Required action
Stop at the line containing "from ezdxf.enums import": write out every line from the beginning of the entries up to and including it, minus the pictures.

Items from a dataset
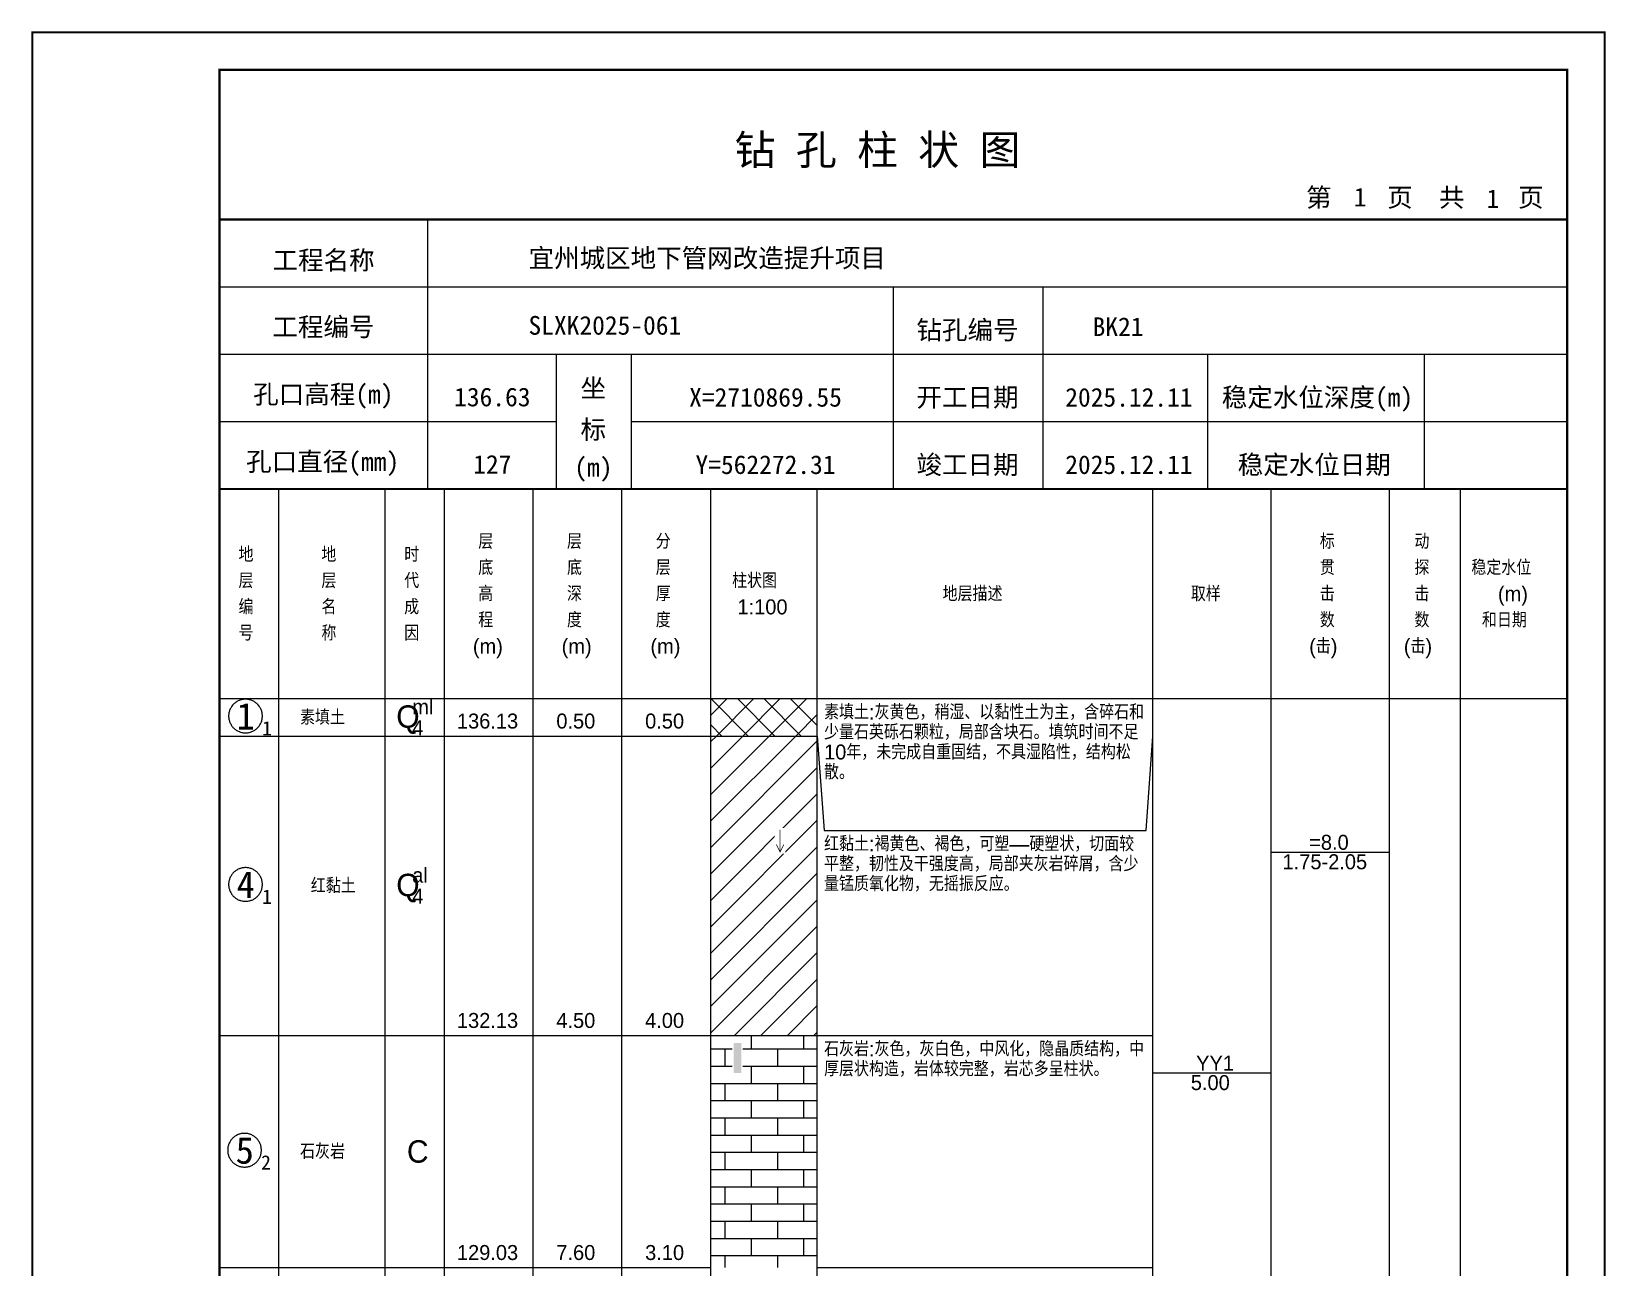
# Model space of a CAD drawing. Header units: millimetres. Extents: x 12489 to 89920, y 4630 to 4927.
# Drawn here: x 16889.3 to 17099.6, y 4761.7 to 4926.8 of the extents above; entities that cross this region are included whole.
import ezdxf
from ezdxf.enums import TextEntityAlignment as Align

# ---------------------------------------------------------------- set-up
doc = ezdxf.new("R2010")
doc.units = ezdxf.units.MM
doc.layers.add('ZZT_TC', color=7, linetype='Continuous')
doc.styles.add('成果图图块', font='', dxfattribs={"height": 2.5})
doc.styles.add('成果图模板', font='')
doc.styles.add('成果图模板标题', font='simhei.ttf')
doc.styles.add('成果图表体', font='Comfont.shx', dxfattribs={"height": 2, "bigfont": 'Hztxt12a.shx'})
doc.styles.get('成果图图块').set_extended_font_data('FangSong_GB2312')
doc.styles.get('成果图模板').set_extended_font_data('FangSong_GB2312')

# ---------------------------------------------------------------- blocks, each defined once
blk = doc.blocks.new('DCBH-1-1-944', base_point=(0.3, -0.11))
at = {"layer": 'ZZT_TC', "color": 7}
blk.add_polyline3d([(-0.19, 2.31, 0), (-0.3, 2.31, 0), (-0.41, 2.3, 0), (-0.52, 2.29, 0), (-0.63, 2.27, 0), (-0.73, 2.24, 0), (-0.84, 2.21, 0), (-0.95, 2.18, 0), (-1.05, 2.14, 0), (-1.15, 2.09, 0), (-1.25, 2.04, 0), (-1.35, 1.99, 0), (-1.44, 1.93, 0), (-1.53, 1.87, 0), (-1.62, 1.8, 0), (-1.7, 1.73, 0), (-1.78, 1.65, 0), (-1.86, 1.57, 0), (-1.93, 1.49, 0), (-2, 1.4, 0), (-2.06, 1.31, 0), (-2.12, 1.22, 0), (-2.17, 1.12, 0), (-2.22, 1.02, 0), (-2.27, 0.92, 0), (-2.31, 0.82, 0), (-2.34, 0.71, 0), (-2.37, 0.61, 0), (-2.4, 0.5, 0), (-2.41, 0.39, 0), (-2.43, 0.28, 0), (-2.44, 0.17, 0), (-2.44, 0.06, 0), (-2.44, -0.05, 0), (-2.43, -0.16, 0), (-2.41, -0.27, 0), (-2.4, -0.38, 0), (-2.37, -0.49, 0), (-2.34, -0.6, 0), (-2.31, -0.7, 0), (-2.27, -0.8, 0), (-2.22, -0.9, 0), (-2.17, -1, 0), (-2.12, -1.1, 0), (-2.06, -1.19, 0), (-2, -1.28, 0), (-1.93, -1.37, 0), (-1.86, -1.45, 0), (-1.78, -1.53, 0), (-1.7, -1.61, 0), (-1.62, -1.68, 0), (-1.53, -1.75, 0), (-1.44, -1.81, 0), (-1.35, -1.87, 0), (-1.25, -1.93, 0), (-1.15, -1.98, 0), (-1.05, -2.02, 0), (-0.95, -2.06, 0), (-0.84, -2.1, 0), (-0.73, -2.13, 0), (-0.63, -2.15, 0), (-0.52, -2.17, 0), (-0.41, -2.18, 0), (-0.3, -2.19, 0), (-0.19, -2.19, 0), (-0.08, -2.19, 0), (0.03, -2.18, 0), (0.14, -2.17, 0), (0.25, -2.15, 0), (0.36, -2.13, 0), (0.47, -2.1, 0), (0.57, -2.06, 0), (0.67, -2.02, 0), (0.77, -1.98, 0), (0.87, -1.93, 0), (0.97, -1.87, 0), (1.06, -1.81, 0), (1.15, -1.75, 0), (1.24, -1.68, 0), (1.32, -1.61, 0), (1.4, -1.53, 0), (1.48, -1.45, 0), (1.55, -1.37, 0), (1.62, -1.28, 0), (1.68, -1.19, 0), (1.74, -1.1, 0), (1.8, -1, 0), (1.85, -0.9, 0), (1.89, -0.8, 0), (1.93, -0.7, 0), (1.97, -0.6, 0), (2, -0.49, 0), (2.02, -0.38, 0), (2.04, -0.27, 0), (2.05, -0.16, 0), (2.06, -0.05, 0), (2.06, 0.06, 0), (2.06, 0.17, 0), (2.05, 0.28, 0), (2.04, 0.39, 0), (2.02, 0.5, 0), (2, 0.61, 0), (1.97, 0.71, 0), (1.93, 0.82, 0), (1.89, 0.92, 0), (1.85, 1.02, 0), (1.8, 1.12, 0), (1.74, 1.22, 0), (1.68, 1.31, 0), (1.62, 1.4, 0), (1.55, 1.49, 0), (1.48, 1.57, 0), (1.4, 1.65, 0), (1.32, 1.73, 0), (1.24, 1.8, 0), (1.15, 1.87, 0), (1.06, 1.93, 0), (0.97, 1.99, 0), (0.87, 2.04, 0), (0.77, 2.09, 0), (0.67, 2.14, 0), (0.57, 2.18, 0), (0.47, 2.21, 0), (0.36, 2.24, 0), (0.25, 2.27, 0), (0.14, 2.29, 0), (0.03, 2.3, 0), (-0.08, 2.31, 0), (-0.19, 2.31, 0)], dxfattribs=at)
at = {"style": '成果图图块'}
blk.add_text('1', height=3.57, dxfattribs=at).set_placement((-0.16, -1.74), align=Align.CENTER)
blk.add_text('1', height=1.91, dxfattribs=at).set_placement((2.03, -2.53))
blk = doc.blocks.new('DCBH-1-1-945', base_point=(0.3, -0.11))
at = {"layer": 'ZZT_TC', "color": 7}
blk.add_polyline3d([(-0.19, 2.31, 0), (-0.3, 2.31, 0), (-0.41, 2.3, 0), (-0.52, 2.29, 0), (-0.63, 2.27, 0), (-0.73, 2.24, 0), (-0.84, 2.21, 0), (-0.95, 2.18, 0), (-1.05, 2.14, 0), (-1.15, 2.09, 0), (-1.25, 2.04, 0), (-1.35, 1.99, 0), (-1.44, 1.93, 0), (-1.53, 1.87, 0), (-1.62, 1.8, 0), (-1.7, 1.73, 0), (-1.78, 1.65, 0), (-1.86, 1.57, 0), (-1.93, 1.49, 0), (-2, 1.4, 0), (-2.06, 1.31, 0), (-2.12, 1.22, 0), (-2.17, 1.12, 0), (-2.22, 1.02, 0), (-2.27, 0.92, 0), (-2.31, 0.82, 0), (-2.34, 0.71, 0), (-2.37, 0.61, 0), (-2.4, 0.5, 0), (-2.41, 0.39, 0), (-2.43, 0.28, 0), (-2.44, 0.17, 0), (-2.44, 0.06, 0), (-2.44, -0.05, 0), (-2.43, -0.16, 0), (-2.41, -0.27, 0), (-2.4, -0.38, 0), (-2.37, -0.49, 0), (-2.34, -0.6, 0), (-2.31, -0.7, 0), (-2.27, -0.8, 0), (-2.22, -0.9, 0), (-2.17, -1, 0), (-2.12, -1.1, 0), (-2.06, -1.19, 0), (-2, -1.28, 0), (-1.93, -1.37, 0), (-1.86, -1.45, 0), (-1.78, -1.53, 0), (-1.7, -1.61, 0), (-1.62, -1.68, 0), (-1.53, -1.75, 0), (-1.44, -1.81, 0), (-1.35, -1.87, 0), (-1.25, -1.93, 0), (-1.15, -1.98, 0), (-1.05, -2.02, 0), (-0.95, -2.06, 0), (-0.84, -2.1, 0), (-0.73, -2.13, 0), (-0.63, -2.15, 0), (-0.52, -2.17, 0), (-0.41, -2.18, 0), (-0.3, -2.19, 0), (-0.19, -2.19, 0), (-0.08, -2.19, 0), (0.03, -2.18, 0), (0.14, -2.17, 0), (0.25, -2.15, 0), (0.36, -2.13, 0), (0.47, -2.1, 0), (0.57, -2.06, 0), (0.67, -2.02, 0), (0.77, -1.98, 0), (0.87, -1.93, 0), (0.97, -1.87, 0), (1.06, -1.81, 0), (1.15, -1.75, 0), (1.24, -1.68, 0), (1.32, -1.61, 0), (1.4, -1.53, 0), (1.48, -1.45, 0), (1.55, -1.37, 0), (1.62, -1.28, 0), (1.68, -1.19, 0), (1.74, -1.1, 0), (1.8, -1, 0), (1.85, -0.9, 0), (1.89, -0.8, 0), (1.93, -0.7, 0), (1.97, -0.6, 0), (2, -0.49, 0), (2.02, -0.38, 0), (2.04, -0.27, 0), (2.05, -0.16, 0), (2.06, -0.05, 0), (2.06, 0.06, 0), (2.06, 0.17, 0), (2.05, 0.28, 0), (2.04, 0.39, 0), (2.02, 0.5, 0), (2, 0.61, 0), (1.97, 0.71, 0), (1.93, 0.82, 0), (1.89, 0.92, 0), (1.85, 1.02, 0), (1.8, 1.12, 0), (1.74, 1.22, 0), (1.68, 1.31, 0), (1.62, 1.4, 0), (1.55, 1.49, 0), (1.48, 1.57, 0), (1.4, 1.65, 0), (1.32, 1.73, 0), (1.24, 1.8, 0), (1.15, 1.87, 0), (1.06, 1.93, 0), (0.97, 1.99, 0), (0.87, 2.04, 0), (0.77, 2.09, 0), (0.67, 2.14, 0), (0.57, 2.18, 0), (0.47, 2.21, 0), (0.36, 2.24, 0), (0.25, 2.27, 0), (0.14, 2.29, 0), (0.03, 2.3, 0), (-0.08, 2.31, 0), (-0.19, 2.31, 0)], dxfattribs=at)
at = {"style": '成果图图块'}
blk.add_text('4', height=3.57, dxfattribs=at).set_placement((-0.16, -1.74), align=Align.CENTER)
blk.add_text('1', height=1.91, dxfattribs=at).set_placement((2.03, -2.53))
blk = doc.blocks.new('DCBH-1-1-946', base_point=(0.43, -0.11))
at = {"layer": 'ZZT_TC', "color": 7}
blk.add_polyline3d([(-0.19, 2.31, 0), (-0.3, 2.31, 0), (-0.41, 2.3, 0), (-0.52, 2.29, 0), (-0.63, 2.27, 0), (-0.73, 2.24, 0), (-0.84, 2.21, 0), (-0.95, 2.18, 0), (-1.05, 2.14, 0), (-1.15, 2.09, 0), (-1.25, 2.04, 0), (-1.35, 1.99, 0), (-1.44, 1.93, 0), (-1.53, 1.87, 0), (-1.62, 1.8, 0), (-1.7, 1.73, 0), (-1.78, 1.65, 0), (-1.86, 1.57, 0), (-1.93, 1.49, 0), (-2, 1.4, 0), (-2.06, 1.31, 0), (-2.12, 1.22, 0), (-2.17, 1.12, 0), (-2.22, 1.02, 0), (-2.27, 0.92, 0), (-2.31, 0.82, 0), (-2.34, 0.71, 0), (-2.37, 0.61, 0), (-2.4, 0.5, 0), (-2.41, 0.39, 0), (-2.43, 0.28, 0), (-2.44, 0.17, 0), (-2.44, 0.06, 0), (-2.44, -0.05, 0), (-2.43, -0.16, 0), (-2.41, -0.27, 0), (-2.4, -0.38, 0), (-2.37, -0.49, 0), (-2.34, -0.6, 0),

Response to this task
# Model space of a CAD drawing. Header units: millimetres. Extents: x 12489 to 89920, y 4630 to 4927.
# Drawn here: x 16889.3 to 17099.6, y 4761.7 to 4926.8 of the extents above; entities that cross this region are included whole.
import ezdxf
from ezdxf.enums import TextEntityAlignment as Align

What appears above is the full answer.